Calculate the pH of a 2.67×10-3 M solution of H2SO4.
(Ka = 0.0120 for HSO4-)
H2SO4 is a diprotic acid. The first H is ionized completely but the second one has a k2 = 0.0120. We need to go through two ICE charts.
For the first H^+ it is as follows:
.......................H2SO4 ==> H^+ + HSO4^-
I...................0.00267...........0...........0
C.................-0.00267......0.00267....0.00267
E........................0..........0.00267.....0.00267 so the first H^+ contributes 0.00267 M. The second H is done this way.
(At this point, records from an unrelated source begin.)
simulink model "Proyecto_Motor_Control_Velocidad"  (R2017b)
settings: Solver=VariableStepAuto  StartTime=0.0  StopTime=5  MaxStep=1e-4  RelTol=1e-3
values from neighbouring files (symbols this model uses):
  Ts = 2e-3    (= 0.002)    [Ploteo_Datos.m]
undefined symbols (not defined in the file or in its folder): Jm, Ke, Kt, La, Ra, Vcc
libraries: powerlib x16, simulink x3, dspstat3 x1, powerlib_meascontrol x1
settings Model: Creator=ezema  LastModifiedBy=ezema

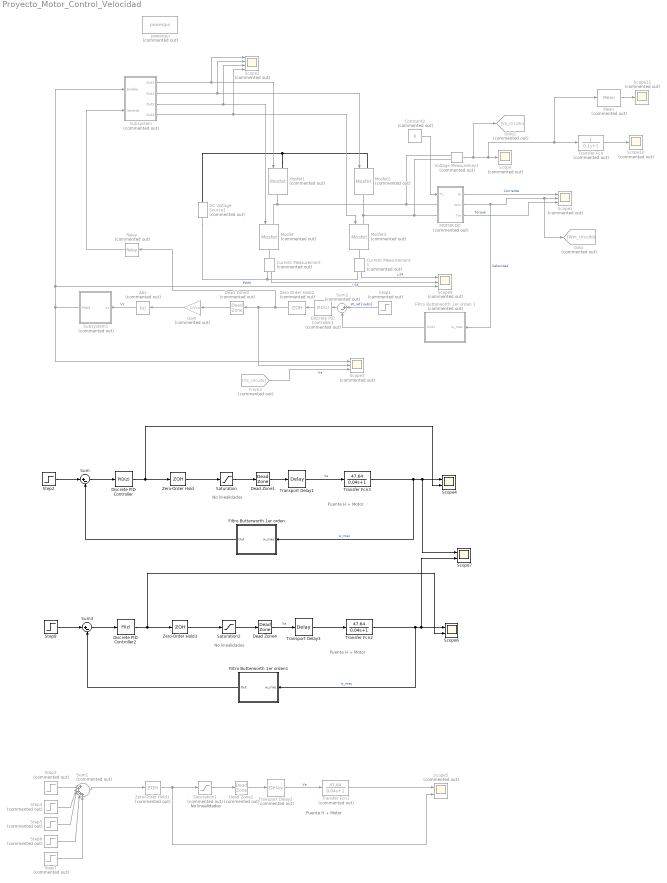
== system Proyecto_Motor_Control_Velocidad ==
  note: Puente H + Motor
  note: No linealidades
  note: Puente H + Motor
  note: No linealidades
  note: No linealidades
  note: Puente H + Motor
  Abs : Abs  Commented=on
  Constant2 : Constant  Commented=on  Value=0
  Current Measurement : powerlib/Measurements/Current Measurement  Commented=on  PhasorSimulation=off  OutputType=Complex  PSBequivalent=0
  Current Measurement1 : powerlib/Measurements/Current Measurement  Commented=on  PhasorSimulation=off  OutputType=Complex  PSBequivalent=0
  DC Voltage Source1 : powerlib/Electrical Sources/DC Voltage Source  Commented=on  Amplitude=Vcc  Measurements=None
  Dead Zone1 : DeadZone  LowerValue=-8.5  UpperValue=8.5  SaturateOnIntegerOverflow=on
  Dead Zone2 : DeadZone  Commented=on  LowerValue=-8.5  UpperValue=8.5  SaturateOnIntegerOverflow=on
  Dead Zone3 : DeadZone  Commented=on  LowerValue=-8.5  UpperValue=8.5  SaturateOnIntegerOverflow=on
  Dead Zone4 : DeadZone  LowerValue=-8.5  UpperValue=8.5  SaturateOnIntegerOverflow=on
  Discrete PID Controller : simulink/Continuous/PID Controller  Controller=PID  TimeDomain=Discrete-time  SampleTime=-1  IntegratorMethod=Forward Euler  FilterMethod=Forward Euler  Form=Ideal  UseFilter=off  ControllerParametersSource=internal  P=0.00123  I=200  D=0  N=100  InitialConditionSource=internal  InitialConditionForIntegrator=0  InitialConditionForFilter=0  ExternalReset=none  LimitOutput=off  UpperSaturationLimit=inf  LowerSaturationLimit=-inf  LinearizeAsGain=off  AntiWindupMode=none  Kb=1  TrackingMode=off  Kt=1  PParamMin=[]  PParamMax=[]  IParamMin=[]  IParamMax=[]  DParamMin=[]  DParamMax=[]  NParamMin=[]  NParamMax=[]  KbParamMin=[]  KbParamMax=[]  KtParamMin=[]  KtParamMax=[]  POutMin=[]  POutMax=[]  IOutMin=[]  IOutMax=[]  DOutMin=[]  DOutMax=[]  NOutMin=[]  NOutMax=[]  KbOutMin=[]  KbOutMax=[]  KtOutMin=[]  KtOutMax=[]  IntegratorOutMin=[]  IntegratorOutMax=[]  FilterOutMin=[]  FilterOutMax=[]  SumOutMin=[]  SumOutMax=[]  SumI1OutMin=[]  SumI1OutMax=[]  SumI2OutMin=[]  SumI2OutMax=[]  SumI3OutMin=[]  SumI3OutMax=[]  SumDOutMin=[]  SumDOutMax=[]  SaturationOutMin=[]  SaturationOutMax=[]  IntegratorContinuousStateAttributes=''  IntegratorStateMustResolveToSignalObject=off  IntegratorRTWStateStorageClass=Auto  FilterContinuousStateAttributes=''  FilterStateMustResolveToSignalObject=off  FilterRTWStateStorageClass=Auto  DifferentiatorICPrevScaledInput=0  DifferentiatorOutMin=[]  DifferentiatorOutMax=[]  InitialConditionSetting=State (most efficient)  FilterDiffOutCoefMin=[]  FilterDiffOutCoefMax=[]  SumDenOutMin=[]  SumDenOutMax=[]  SumNumOutMin=[]  SumNumOutMax=[]  ReciprocalOutMin=[]  ReciprocalOutMax=[]  DivideOutMin=[]  DivideOutMax=[]  TunerSelectOption=Frequency Response Based
  Discrete PID Controller1 : simulink/Continuous/PID Controller  Commented=on  Controller=PID  TimeDomain=Discrete-time  SampleTime=-1  IntegratorMethod=Forward Euler  FilterMethod=Forward Euler  Form=Parallel  UseFilter=on  ControllerParametersSource=internal  P=0.05  I=0  D=0  N=100  InitialConditionSource=internal  InitialConditionForIntegrator=0  InitialConditionForFilter=0  ExternalReset=none  LimitOutput=off  UpperSaturationLimit=inf  LowerSaturationLimit=-inf  LinearizeAsGain=off  AntiWindupMode=none  Kb=1  TrackingMode=off  Kt=1  PParamMin=[]  PParamMax=[]  IParamMin=[]  IParamMax=[]  DParamMin=[]  DParamMax=[]  NParamMin=[]  NParamMax=[]  KbParamMin=[]  KbParamMax=[]  KtParamMin=[]  KtParamMax=[]  POutMin=[]  POutMax=[]  IOutMin=[]  IOutMax=[]  DOutMin=[]  DOutMax=[]  NOutMin=[]  NOutMax=[]  KbOutMin=[]  KbOutMax=[]  KtOutMin=[]  KtOutMax=[]  IntegratorOutMin=[]  IntegratorOutMax=[]  FilterOutMin=[]  FilterOutMax=[]  SumOutMin=[]  SumOutMax=[]  SumI1OutMin=[]  SumI1OutMax=[]  SumI2OutMin=[]  SumI2OutMax=[]  SumI3OutMin=[]  SumI3OutMax=[]  SumDOutMin=[]  SumDOutMax=[]  SaturationOutMin=[]  SaturationOutMax=[]  IntegratorContinuousStateAttributes=''  IntegratorStateMustResolveToSignalObject=off  IntegratorRTWStateStorageClass=Auto  FilterContinuousStateAttributes=''  FilterStateMustResolveToSignalObject=off  FilterRTWStateStorageClass=Auto  DifferentiatorICPrevScaledInput=0  DifferentiatorOutMin=[]  DifferentiatorOutMax=[]  InitialConditionSetting=State (most efficient)  FilterDiffOutCoefMin=[]  FilterDiffOutCoefMax=[]  SumDenOutMin=[]  SumDenOutMax=[]  SumNumOutMin=[]  SumNumOutMax=[]  ReciprocalOutMin=[]  ReciprocalOutMax=[]  DivideOutMin=[]  DivideOutMax=[]  TunerSelectOption=Transfer Function Based (PID Tuner App)
  Discrete PID Controller2 : simulink/Continuous/PID Controller  Controller=PI  TimeDomain=Discrete-time  SampleTime=Ts  IntegratorMethod=Forward Euler  FilterMethod=Forward Euler  Form=Ideal  UseFilter=off  ControllerParametersSource=internal  P=0.00123  I=450/2  D=4.99965142913872e-06  N=100  InitialConditionSource=internal  InitialConditionForIntegrator=0  InitialConditionForFilter=0  ExternalReset=none  LimitOutput=off  UpperSaturationLimit=inf  LowerSaturationLimit=-inf  LinearizeAsGain=off  AntiWindupMode=none  Kb=1  TrackingMode=off  Kt=1  PParamMin=[]  PParamMax=[]  IParamMin=[]  IParamMax=[]  DParamMin=[]  DParamMax=[]  NParamMin=[]  NParamMax=[]  KbParamMin=[]  KbParamMax=[]  KtParamMin=[]  KtParamMax=[]  POutMin=[]  POutMax=[]  IOutMin=[]  IOutMax=[]  DOutMin=[]  DOutMax=[]  NOutMin=[]  NOutMax=[]  KbOutMin=[]  KbOutMax=[]  KtOutMin=[]  KtOutMax=[]  IntegratorOutMin=[]  IntegratorOutMax=[]  FilterOutMin=[]  FilterOutMax=[]  SumOutMin=[]  SumOutMax=[]  SumI1OutMin=[]  SumI1OutMax=[]  SumI2OutMin=[]  SumI2OutMax=[]  SumI3OutMin=[]  SumI3OutMax=[]  SumDOutMin=[]  SumDOutMax=[]  SaturationOutMin=[]  SaturationOutMax=[]  IntegratorContinuousStateAttributes=''  IntegratorStateMustResolveToSignalObject=off  IntegratorRTWStateStorageClass=Auto  FilterContinuousStateAttributes=''  FilterStateMustResolveToSignalObject=off  FilterRTWStateStorageClass=Auto  DifferentiatorICPrevScaledInput=0  DifferentiatorOutMin=[]  DifferentiatorOutMax=[]  InitialConditionSetting=State (most efficient)  FilterDiffOutCoefMin=[]  FilterDiffOutCoefMax=[]  SumDenOutMin=[]  SumDenOutMax=[]  SumNumOutMin=[]  SumNumOutMax=[]  ReciprocalOutMin=[]  ReciprocalOutMax=[]  DivideOutMin=[]  DivideOutMax=[]  TunerSelectOption=Transfer Function Based (PID Tuner App)
  Filtro Butterworth 1er orden : Subsystem
  Filtro Butterworth 1er orden 1 : Subsystem  Commented=on
  Filtro Butterworth 1er orden1 : Subsystem
  From2 : From  Commented=on  GotoTag=Va_circuito
  Gain : Gain  Commented=on  Gain=1/Vcc
  Goto : Goto  Commented=on  GotoTag=Wm_circuito
  Goto1 : Goto  Commented=on  GotoTag=Va_circuito
  "MOTOR DC " : Subsystem  Commented=on
  Mean : dspstat3/Mean  Commented=on  run=off  reset_popup=None  InputProcessing=Columns as channels (frame based)  directionMode=Each column  dimension=1  roiEnable=off  roiType=Rectangles  roiPortion=Entire ROI  roiOutput=Individual statistics for each ROI  roiFlag=off  outputDataTypeStr=Inherit: Same as accumulator  outputLastDataTypeStr=Inherit: Same as accumulator  outputMin=[]  outputMax=[]  roundingMode=Floor  overflowMode=off
  Mosfet{,1..3} (4 alike) : powerlib/Power Electronics/Mosfet  Commented=on  Ron=0  Lon=0  Rd=0  Vfd=0  IC=0  Rs=inf  Cs=inf  Measurements=off
  Relay : Relay  Commented=on  OnSwitchValue=0.001  OffSwitchValue=-0.1
  Saturation : Saturate  UpperLimit=17  LowerLimit=-17
  Saturation1 : Saturate  Commented=on  UpperLimit=17  LowerLimit=-17
  Saturation2 : Saturate  UpperLimit=17  LowerLimit=-17
  Scope : Scope  Commented=on
  Scope1 : Scope  Commented=on  NumInputPorts=3
  Scope10 : Scope  Commented=on
  Scope11 : Scope  Commented=on
  Scope2 : Scope  Commented=on  NumInputPorts=4
  Scope3 : Scope  Commented=on  NumInputPorts=3
  Scope4 : Scope  NumInputPorts=2
  Scope5 : Scope  Commented=on  NumInputPorts=2
  Scope6 : Scope  NumInputPorts=2
  Scope7 : Scope  NumInputPorts=2
  Scope9 : Scope  Commented=on  NumInputPorts=3
  Step1 : Step  Commented=on  Before=200  After=300  SampleTime=0
  Step2 : Step  Time=2  Before=200  After=300  SampleTime=0
  Step3 : Step  Commented=on  Time=2  Before=9.3114  After=10.6416  SampleTime=0
  Step4 : Step  Commented=on  Time=4  After=1.3302  SampleTime=0
  Step5 : Step  Commented=on  Time=6  After=1.3302  SampleTime=0
  Step6 : Step  Commented=on  Time=8  After=1.3302  SampleTime=0
  Step7 : Step  Commented=on  Time=10  After=1.3302  SampleTime=0
  Step8 : Step  Time=2  Before=200  After=300  SampleTime=0
  Subsystem : Subsystem  Commented=on
  Subsystem1 : Subsystem  Commented=on
  Sum : Sum  Inputs=|+-
  Sum1 : Sum  Commented=on  Inputs=|+++++
  Sum2 : Sum  Commented=on  Inputs=|+-
  Sum3 : Sum  Inputs=|+-
  Transfer Fcn : TransferFcn  Commented=on  Denominator=[0.1 1]
  Transfer Fcn1 : TransferFcn  Commented=on  Numerator=[47.64]  Denominator=[0.04 1]
  Transfer Fcn2 : TransferFcn  Numerator=[47.64]  Denominator=[0.04 1]
  Transfer Fcn3 : TransferFcn  Numerator=[47.64]  Denominator=[0.04 1]
  Transport Delay1 : TransportDelay  DelayTime=1*Ts
  Transport Delay2 : TransportDelay  Commented=on  DelayTime=1*Ts
  Transport Delay3 : TransportDelay  DelayTime=1*Ts
  Voltage Measurement : powerlib/Measurements/Voltage Measurement  Commented=on  PhasorSimulation=off  OutputType=Complex  PSBequivalent=0
  Zero-Order Hold : ZeroOrderHold  SampleTime=Ts
  Zero-Order Hold1 : ZeroOrderHold  Commented=on  SampleTime=Ts
  Zero-Order Hold2 : ZeroOrderHold  Commented=on  SampleTime=Ts
  Zero-Order Hold3 : ZeroOrderHold  SampleTime=Ts
  powergui : powerlib/powergui  Priority=1  Commented=on  SimulationMode=Continuous  SampleTime=50e-6  frequency=60  Iterations=50  frequencyindice=0  Pbase=100e6  ErrMax=1e-4  UnitsV=kV  UnitsW=MW  buscounter=0  FunctionMessages=off  echomessages=off  EnableUseOfTLC=off  CurrentSourceSwitches=off  DisableSnubberDevices=off  DisableRonSwitches=off  DisableVfSwitches=off  DisplayEquations=off  SolverType=Tustin/Backward Euler (TBE)  Interpol=off  ExternalGateDelay=off  methode=off  Ts=100  x0status=blocks  SPID=on  SwTol=0  HookPort=off  RestoreLinks=warning  ResistiveCurrentMeasurement=off  Frange=[0:2:500]  Ylog=off  Xlog=on  ShowGrid=off  save=off  variable=ZData  structure=0  ZoomFFT=off  StartTime=0.0  cycles=1  DisplayStyle=1  fundamental=60  FreqAxis=off  MaxFrequency=1000  frequencyindicesteady=1  RmsSteady=1  display=off
  wires:
  Subsystem/4("Out4 ") -> Mosfet3/1, Scope2/4
  Constant2/1 -> "MOTOR DC "/1(TL)
  Subsystem/3("Out3 ") -> Mosfet/1, Scope2/3
  Subsystem/1(Out1) -> Scope2/1, Mosfet1/1
  Subsystem/2(Out2) -> Scope2/2, Mosfet2/1
  "MOTOR DC "/1(Ia) -> Scope1/1  "Corriente"
  "MOTOR DC "/2(Wm) -> Filtro Butterworth 1er orden 1/1(w_mec), Goto/1, Scope1/2  "Velocidad"
  "MOTOR DC "/3(Tm) -> Scope1/3  "Torque"
  Step2/1 -> Sum/1
  Transfer Fcn3/1 -> Scope7/1, Scope4/1, Filtro Butterworth 1er orden/1(w_mec)  "w_mec"
  Step1/1 -> Sum2/1  "W_ref [rad/s]"
  Subsystem1/1("PWM ") -> Scope3/1, Scope9/3, Subsystem/1(Enable)  "PWM"
  From2/1 -> Scope3/3  "Va"
  Current Measurement1/1 -> Scope9/1  "i_S4"
  Current Measurement/1 -> Scope9/2  "i_S3"
  Relay/1 -> Subsystem/2(Sentido)
  Voltage Measurement/1 -> Goto1/1, Mean/1, Transfer Fcn/1, Scope/1
  Gain/1 -> Abs/1
  Transfer Fcn/1 -> Scope10/1
  Mean/1 -> Scope11/1
  Filtro Butterworth 1er orden 1/1(Out1) -> Sum2/2
  Zero-Order Hold2/1 -> Scope3/2, Dead Zone3/1, Relay/1
  Abs/1 -> Subsystem1/1(Vc)  "Vc"
  Dead Zone3/1 -> Gain/1
  Saturation/1 -> Dead Zone1/1
  Dead Zone1/1 -> Transport Delay1/1
  Sum/1 -> Discrete PID Controller/1
  Discrete PID Controller/1 -> Zero-Order Hold/1, Scope4/2
  Transport Delay1/1 -> Transfer Fcn3/1  "Va"
  Zero-Order Hold/1 -> Saturation/1
  Transport Delay2/1 -> Transfer Fcn1/1  "Va"
  Zero-Order Hold1/1 -> Scope5/2, Saturation1/1
  Dead Zone2/1 -> Transport Delay2/1
  Saturation1/1 -> Dead Zone2/1
  Transfer Fcn1/1 -> Scope5/1
  Step3/1 -> Sum1/1
  Sum1/1 -> Zero-Order Hold1/1
  Step4/1 -> Sum1/2
  Step5/1 -> Sum1/3
  Step6/1 -> Sum1/4
  Step7/1 -> Sum1/5
  Filtro Butterworth 1er orden/1(Out) -> Sum/2
  Discrete PID Controller1/1 -> Zero-Order Hold2/1
  Sum2/1 -> Discrete PID Controller1/1
  Saturation2/1 -> Dead Zone4/1
  Zero-Order Hold3/1 -> Saturation2/1
  Step8/1 -> Sum3/1
  Discrete PID Controller2/1 -> Zero-Order Hold3/1, Scope6/2
  Sum3/1 -> Discrete PID Controller2/1
  Filtro Butterworth 1er orden1/1(Out) -> Sum3/2
  Transfer Fcn2/1 -> Scope7/2, Scope6/1, Filtro Butterworth 1er orden1/1(w_mec)  "w_mec"
  Transport Delay3/1 -> Transfer Fcn2/1
  Dead Zone4/1 -> Transport Delay3/1  "Va"
  connections:
  Mosfet1/LConn1 -- Mosfet2/LConn1 -- DC Voltage Source1/RConn1
  Mosfet1/RConn1 -- Mosfet/LConn1 -- Voltage Measurement/LConn1 -- "MOTOR DC "/LConn1
  Mosfet2/RConn1 -- Mosfet3/LConn1 -- Voltage Measurement/LConn2 -- "MOTOR DC "/LConn2
  Current Measurement/LConn1 -- Mosfet/RConn1
  Current Measurement1/LConn1 -- Mosfet3/RConn1
  Current Measurement1/RConn1 -- DC Voltage Source1/LConn1 -- Current Measurement/RConn1

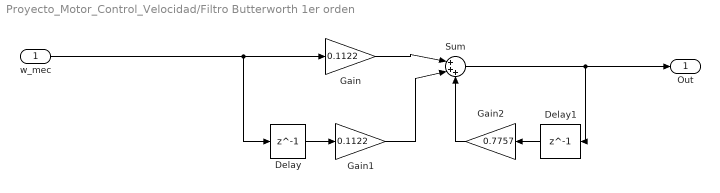
== system Proyecto_Motor_Control_Velocidad/Filtro Butterworth 1er orden ==
  w_mec : Inport
  Delay : Delay  DelayLength=1  SampleTime=Ts
  Delay1 : Delay  DelayLength=1  SampleTime=Ts
  Gain : Gain  Gain=0.1122
  Gain1 : Gain  Gain=0.1122
  Gain2 : Gain  Gain=0.7757
  Sum : Sum  Inputs=|+++
  Out : Outport
  wires:
  Gain2/1 -> Sum/3
  Delay1/1 -> Gain2/1
  Gain/1 -> Sum/1
  Delay/1 -> Gain1/1
  w_mec/1 -> Gain/1, Delay/1
  Sum/1 -> Out/1, Delay1/1
  Gain1/1 -> Sum/2

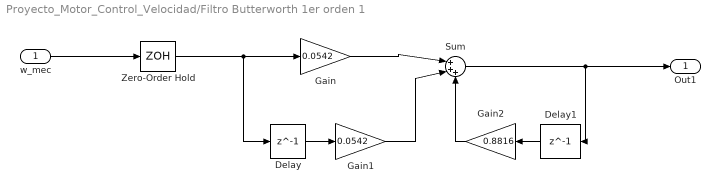
== system Proyecto_Motor_Control_Velocidad/Filtro Butterworth 1er orden 1 ==
  w_mec : Inport
  Delay : Delay  DelayLength=1  SampleTime=Ts
  Delay1 : Delay  DelayLength=1  SampleTime=Ts
  Gain : Gain  Gain=0.0542
  Gain1 : Gain  Gain=0.0542
  Gain2 : Gain  Gain=0.8816
  Sum : Sum  Inputs=|+++
  Zero-Order Hold : ZeroOrderHold  SampleTime=Ts
  Out1 : Outport
  wires:
  Gain2/1 -> Sum/3
  Delay1/1 -> Gain2/1
  Gain/1 -> Sum/1
  Delay/1 -> Gain1/1
  Zero-Order Hold/1 -> Gain/1, Delay/1
  Sum/1 -> Out1/1, Delay1/1
  Gain1/1 -> Sum/2
  w_mec/1 -> Zero-Order Hold/1

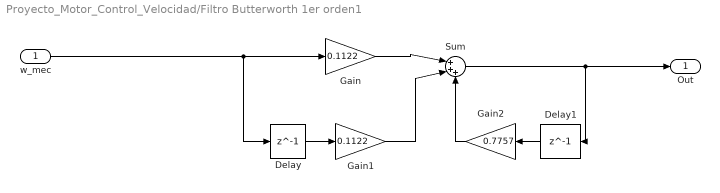
== system Proyecto_Motor_Control_Velocidad/Filtro Butterworth 1er orden1 ==
  w_mec : Inport
  Delay : Delay  DelayLength=1  SampleTime=Ts
  Delay1 : Delay  DelayLength=1  SampleTime=Ts
  Gain : Gain  Gain=0.1122
  Gain1 : Gain  Gain=0.1122
  Gain2 : Gain  Gain=0.7757
  Sum : Sum  Inputs=|+++
  Out : Outport
  wires:
  Gain2/1 -> Sum/3
  Delay1/1 -> Gain2/1
  Gain/1 -> Sum/1
  Delay/1 -> Gain1/1
  w_mec/1 -> Gain/1, Delay/1
  Sum/1 -> Out/1, Delay1/1
  Gain1/1 -> Sum/2

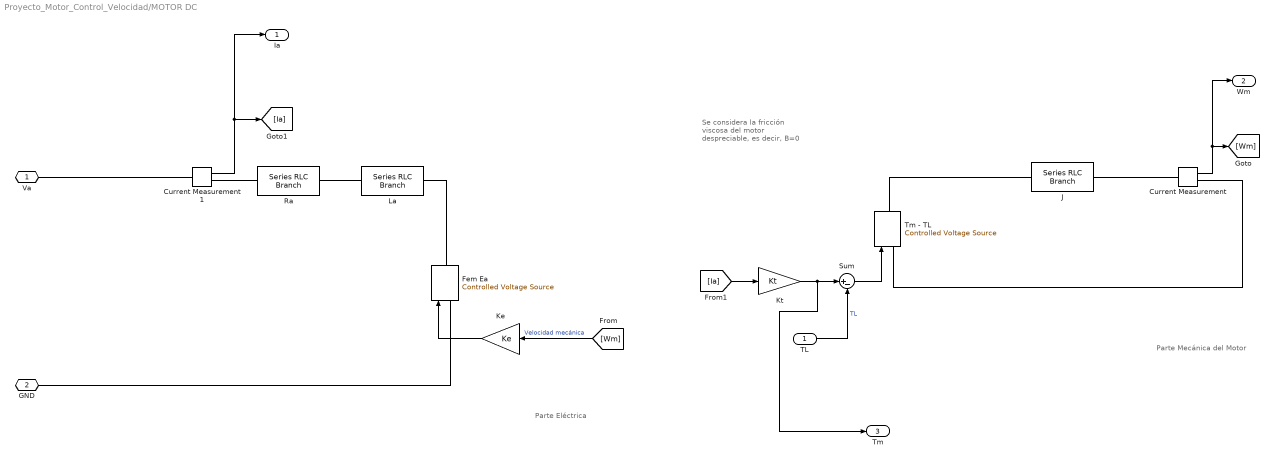
== system Proyecto_Motor_Control_Velocidad/MOTOR DC  ==
  note: Se considera la fricción viscosa del motor despreciable, es decir, B=0
  note: Parte Eléctrica
  note: Parte Mecánica del Motor
  TL : Inport
  " Fem Ea" : powerlib/Electrical Sources/Controlled Voltage Source  Initialize=on  Source_Type=DC  Amplitude=0  Phase=0  Frequency=0  Measurements=None
  " Tm - TL" : powerlib/Electrical Sources/Controlled Voltage Source  Initialize=on  Source_Type=DC  Amplitude=0  Phase=0  Frequency=0  Measurements=None
  Current Measurement : powerlib/Measurements/Current Measurement  PhasorSimulation=off  OutputType=Complex  PSBequivalent=0
  Current Measurement1 : powerlib/Measurements/Current Measurement  PhasorSimulation=off  OutputType=Complex  PSBequivalent=0
  J : powerlib/Elements/Series RLC Branch  LConnTagsString=__new0  RConnTagsString=__new0  BranchType=L  Resistance=1  Inductance=Jm  SetiL0=off  InitialCurrent=0  Capacitance=1e-6  Setx0=off  InitialVoltage=0  Measurements=None
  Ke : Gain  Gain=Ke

....................HSO4^- ==> H^+ + SO4^2-
I..................0.00267........0.00267.....0
C..................-x..................+x.............x
E............0.00267 - x.......0.00267+x...x
Then k2 = (H^+)(SO4^2-)/(HSO4^-)
Substitute the E line into k2 expression and solve for x (you will need to solve the quadratic equation), evaluate 0.00267 + x which will give you the total (H^+), then convert that to pH. Post your work if you get stuck.
To calculate the pH of the solution, we need to take into account the Ka value for HSO4- and the concentration of the H2SO4 solution. We can use the equation for Ka to find the concentration of the H+ ions in the solution, and then calculate the pH from there.
Step 1: Write the balanced equation for the dissociation of H2SO4:
H2SO4 ⇌ H+ + HSO4-
Step 2: Write the expression for the equilibrium constant Ka:
Ka = [H+][HSO4-] / [H2SO4]
We are given the value for Ka (0.0120), so we can rearrange the equation to solve for [H+]:
[H+] = (Ka * [H2SO4]) / [HSO4-]
Step 3: Substitute the values into the equation:
[H+] = (0.0120 * 2.67×10-3) / (2.67×10-3)
[H+] = 0.0120
Step 4: Finally, calculate the pH using the formula:
pH = -log[H+]
pH = -log(0.0120)
pH ≈ 1.92
Therefore, the pH of the 2.67×10-3 M solution of H2SO4 is approximately 1.92.